Senate policy states that "to ensure fairness and equity in assessment of term work, students shall not co-operate or collaborate in the completion of an academic assignment, in whole or in part, when the instructor has indicated that the assignment is to be completed on an individual basis". For this course, the following holds:

  1. This is the first offering of this course! I will seek your advise in terms of any particular algorithms that you will like to see in this course.
  2. All communications will be done via cuLearn forums. If you have a question that may benefit the whole class,  please post it in the forum or ask during the class/office hour. (The discussion that are of private nature can be done by sending me an e-mail.)
  3. I am planning to take online lectures twice a week. Once I know the time zones of all the students, we will draw up a lecture schedule. Online lectures will be recorded (subject to all the technological issues involved). I am planning  to make the recordings available on cuLearn. They won't be made available on any other outlets. You need a  cuLearn account to access them. Please do not post or resend the links to the recorded video to anybody (thanks).
  4. I am planning to hold my office hours immediately before/after/during the online lectures. 
  5. I am new to online lectures and there will be several bumps! I am still hoping that you will appreciate the beautiful algorithmic techniques.
  6. For uOttawa students: Please try to figure out how to obtain the cuLearn account. (I can't help you with the administrative aspect - please contact graduate and departmental administrators.)

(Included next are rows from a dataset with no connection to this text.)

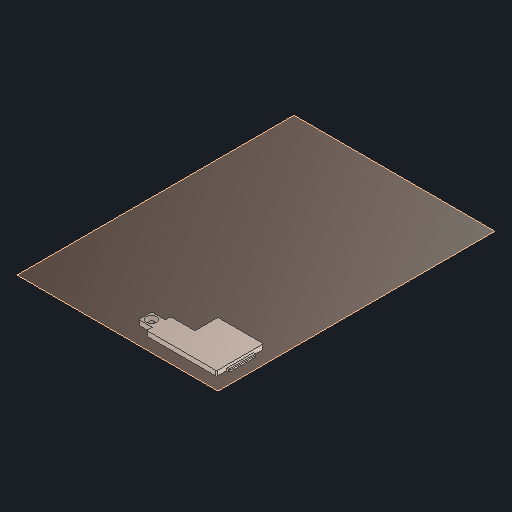
# Autodesk Inventor part: Kameraturm_Abdeckung_Unten
Saved by Autodesk Inventor 2026.1 (Build 301233020, 233B)
## iProperties
Created: 2025-10-16
Part Number: Kameraturm_Abdeckung_Unten
Material: Generisch
Document SubType Name: Modeling
Designer: iopeter
Density: 1 g/cm^3
Appearance: Vorgabe
Author: iopeter
Autodesk Inventor part; units mm, degrees
ref_plane "YZ Plane" through (0, 0, 0) normal (1, 0, 0) x (0, 1, 0)
ref_plane "XZ Plane" through (0, 0, 0) normal (0, 1, 0) x (-1, 0, 0)
ref_plane "XY Plane" through (0, 0, 0) normal (0, 0, 1) x (1, 0, 0)
ref_plane "Arbeitsebene1" through (-7.5, 0, 0) normal (0, 0, 1) x (1, 0, 0)
sketch "Skizze1" plane through (-7.5, 0, 0) normal (0, 0, 1) x (1, 0, 0)
  line L0 (-71.1, -93.5) -> (-71.1, 90.5) projected
  line L1 (62.9, -94.5) -> (-70.1, -94.5) projected
  line L2 (63.9, 90.5) -> (63.9, -93.5) projected
  line L3 (-70.1, 91.5) -> (62.9, 91.5) projected
  line L4 (23.9, -70.5) -> (-66.1, -70.5) projected
  line L5 (-66.1, -70.5) -> (-66.1, 73.5) projected
  line L6 (-66.1, 73.5) -> (23.9, 73.5) projected
  line L7 (23.9, 73.5) -> (23.9, -70.5) projected
  line L8 (8.9, -87.5) -> (-1.1, -87.5) projected
  line L9 (-1.1, -87.5) -> (-1.1, -77.5) projected
  line L10 (-1.1, -77.5) -> (8.9, -77.5) projected
  line L11 (8.9, -77.5) -> (8.9, -73.5) projected
  line L12 (8.9, -73.5) -> (26.9, -73.5) projected
  line L13 (26.9, -73.5) -> (26.9, -56.5) projected
  line L14 (26.9, -56.5) -> (60.9, -56.5) projected
  line L15 (60.9, -56.5) -> (60.9, -91.5) projected
  line L16 (60.9, -91.5) -> (8.9, -91.5) projected
  line L17 (8.9, -91.5) -> (8.9, -87.5) projected
  line L18 (-0.95, -77.65) -> (-0.95, -87.35)
  line L19 (-0.95, -87.35) -> (9.05, -87.35)
  line L20 (9.05, -87.35) -> (9.05, -91.35)
  line L21 (9.05, -91.35) -> (60.75, -91.35)
  line L22 (60.75, -91.35) -> (60.75, -56.65)
  line L23 (60.75, -56.65) -> (27.05, -56.65)
  line L24 (27.05, -56.65) -> (27.05, -73.65)
  line L25 (27.05, -73.65) -> (9.05, -73.65)
  line L26 (9.05, -73.65) -> (9.05, -77.65)
  line L27 (9.05, -77.65) -> (-0.95, -77.65)
  line L28 (63.9, -93.5) -> (62.9, -94.5) projected
  line L29 (62.9, 91.5) -> (63.9, 90.5) projected
  line L30 (-71.1, 90.5) -> (-70.1, 91.5) projected
  line L31 (-70.1, -94.5) -> (-71.1, -93.5) projected
  circle A0 centre (43.9, -1.5) radius 7.55 projected
  circle A1 centre (-61.1, -85.5) radius 7.55 projected
  circle A2 centre (-61.1, 82.5) radius 7.55 projected
  point P0 (7.5, 0)
  dimension "d0" = 0.15
  constraints: 20 end point, 9 other
  measures "d0" distance between parallel lines of L9 L18
extrude "Extrusion1" add sketch "Skizze1" against normal blind 3.6 contours L27 L26 L25 L24 L23 L22 L21 L20 L19 L18
sketch "Skizze2" plane through (-7.5, 0, 0) normal (0, 0, 1) x (1, 0, 0)
  circle A0 centre (3.9, -82.5) radius 2 projected
  point P0 (7.5, 0)
hole "Bohrung1" at (-3.6, -82.5, 0) direction (0, 0, -1) diameter 3.4 depth 8 countersink diameter 7.5 countersink angle 90 clearance for "Innensechskant-Senkkopfschraube DIN EN ISO 10642" size "M3" standard "DIN"
sketch "Skizze3" plane through (53.25, -91.35, 0) normal (1, 0, 0) x (0, 0, -1)
  line L0 (2, 27.35) -> (2, 7.35) projected
  line L1 (2, 7.35) -> (3.6, 7.35)
  line L2 (3.6, 7.35) -> (3.6, 27.35)
  line L3 (3.6, 27.35) -> (2, 27.35)
  line L4 (2, 27.35) -> (2, 7.35)
  point P0 (0, 91.35)
  point P1 (3.6, 34.7)
  constraints: 8 end point, 2 parallel, 1 horizontal, 1 horizontal alignment, 1 perpendicular, 1 vertical alignment
extrude "Extrusion2" add sketch "Skizze3" along normal blind 2
chamfer "Fasen1" distance 0.5 angle 45 7 edges at (-8.45, -87.35, -1.8) (-8.45, -77.65, -1.8) (1.55, -73.65, -1.8) (1.55, -91.35, -1.8) (19.55, -56.65, -1.8) (53.25, -56.65, -1.8) (53.25, -91.35, -1.8)
chamfer "Fasen2" distance 0.5 angle 45 3 edges at (55.25, -84, -2.8) (55.25, -64, -2.8) (55.25, -74, -2)

  7. For your benefit I will be posting some of the videos from COMP 3801 class. Those are gentle introduction to a subset of the topics in this course. The reason for posting them is that you may review them beforehand to get somewhat familiar with the contents and the style of this course. This course will be at a much faster pace. We will cover significantly more and advanced material. Think of the COMP 3801 videos as the background preparation.
  8. Learn (La)TeX as soon as possible - will help you to write your thesis later!
  9. Assignment 1 is posted. Please see cuLearn
  10. Assignment 2 will be posted on December 4th evening on cuLearn. It will be due in about 10 days.
  11. Project reports and videos have been posted on cuLearn.
  12. Friday December 4th will likely be the last lecture for this course.
  13. Thanks a lot for taking this course.